Las luchas ideológicas que se han librado en nuestras sociedades durante los últimos ciento cincuenta años —fundamentalmente entre el modelo comunista/socialista y el modelo capitalista/conservador— se han desarrollado dentro de los límites de las democracias liberales. Las ideologías siempre habían estado basadas en una ética (cristiana o laica, reaccionaria o liberal, individualista o colectivista, etc., etc.) y, cuando lograban una hegemonía social, imponían su forma de entender el mundo.

La novedad es que el neoliberalismo ha logrado ser algo mucho más grande que una ideología que libra una batalla en el marco de las democracias liberales, para pasar a convertirse en una estructura mental que se superpone a todas esas ideologías y a la propia democracia. La razón es sencilla: la ética se ha disuelto, y su lugar lo ha ocupado el neoliberalismo.

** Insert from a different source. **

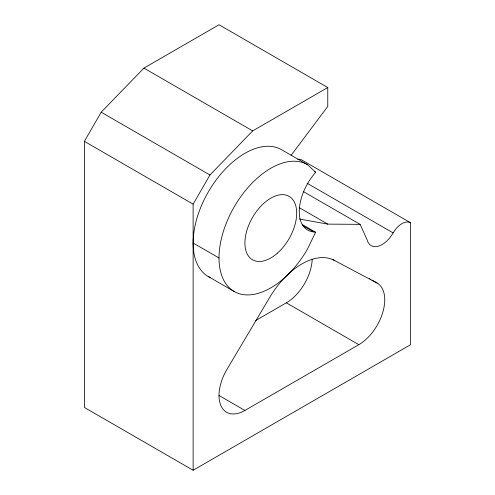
<?xml version="1.0" encoding="UTF-8"?>
<svg xmlns="http://www.w3.org/2000/svg" width="495" height="495" viewBox="0 0 495 495"><rect width="100%" height="100%" fill="white"/><g stroke="black" fill="none" stroke-linecap="round" stroke-linejoin="round"><path stroke-width="0.74" d="M302.29 224.582L315.569 232.248L307.426 249.208A73.235 42.285 -60 0 1 234.185 291.493L208.29 276.544M297.86 159.242A17.498 10.104 -60 0 1 301.876 160.021L410.627 222.812L410.627 344.675L193.124 470.25L84.373 407.459L84.373 141.36L101.203 112.204L143.927 68.106L219.019 24.75L327.77 87.541L327.77 106.431L291.054 155.405M193.124 470.25L193.124 204.144L209.954 174.995L252.679 130.89L327.77 87.541M210.245 277.553A73.235 42.285 -60 0 1 207.349 193.632A73.235 42.285 -60 0 1 281.531 149.688L307.426 164.637L315.569 172.192L313.527 174.914A40.281 23.259 -60 0 0 313.527 231.883L315.569 232.248M255.692 320.512L286.339 302.816A36.618 21.143 -60 0 0 312.203 259.399M377.153 283.06L334.837 260.679A65.915 38.053 -60 0 0 268.921 298.733L226.599 369.982A36.618 21.143 -60 0 0 220.987 405.807A36.618 21.143 -60 0 0 244.914 410.454L358.844 344.675A36.618 21.143 -60 0 0 382.765 312.407A36.618 21.143 -60 0 0 377.153 283.06L371.832 279.991M299.388 219.037L327.77 224.124L360.113 224.34L367.142 239.877A21.972 12.684 -60 0 0 393.135 232.916A17.498 10.104 -60 0 1 410.627 222.812M143.927 68.106L252.679 130.89M314.238 171.425L315.569 172.192M307.061 183.224L393.135 232.916M303.398 191.602L360.113 224.34M299.345 207.708L327.77 224.124M302.928 225.763L313.527 231.883M101.203 112.204L209.954 174.995M369.171 278.45L370.501 279.223M332.838 259.529L334.837 260.679M84.373 141.36L193.124 204.144M193.124 243.014L219.019 257.963M286.339 302.816L358.844 344.675M218.969 395.474L244.914 410.454M234.185 291.493A73.235 42.285 -60 0 1 234.185 206.922A73.235 42.285 -60 0 1 307.426 164.637M277.503 253.075A36.618 21.143 -60 0 0 289.111 196.354A36.618 21.143 -60 0 0 245.792 234.766A36.618 21.143 -60 0 0 277.503 253.075"/></g></svg>

Las éticas religiosas dejaron de conformar el marco que definía nuestras vidas y las éticas laicas dejaron paso después a los cánones ideológicos subsumidos en los sistemas democráticos liberales. Esos cánones fueron cooptados por el neoliberalismo y ahora no hay otra cosa que no sea neoliberalismo. Serás progresista o conservador, pero no discutirás que un empresario pueda enriquecerse ilimitadamente, aunque eso tenga unas causas y unas consecuencias que nos afectan a todos: su libertad individual es más importante que el bienestar de todos los demás.

La nueva política no germina porque se está sembrando en un terreno yermo arrasado por la bomba atómica del neoliberalismo. Para que las ideologías puedan reconstruirse y, con ellas, regenerar un espacio político fértil, hay que volver a roturar el terreno para que el abono de una ética pública permita que las semillas sean flores mañana.

Nos hemos instalado ya en una sociedad corrupta en la raíz, donde a casi nadie le importa nada que no sean sus propios deseos. Todos los edificios éticos de los siglos XIX y XX han sido derruidos, y por eso no es posible reconstruir las ideologías que se sostenían sobre ellos. Las ideologías no han muerto, pero sí es verdad que su eficacia real ha languidecido bajo la superestructura neoliberal que ha modelado las mentes de las últimas generaciones. No habrá nueva política, pues, sin nueva ética.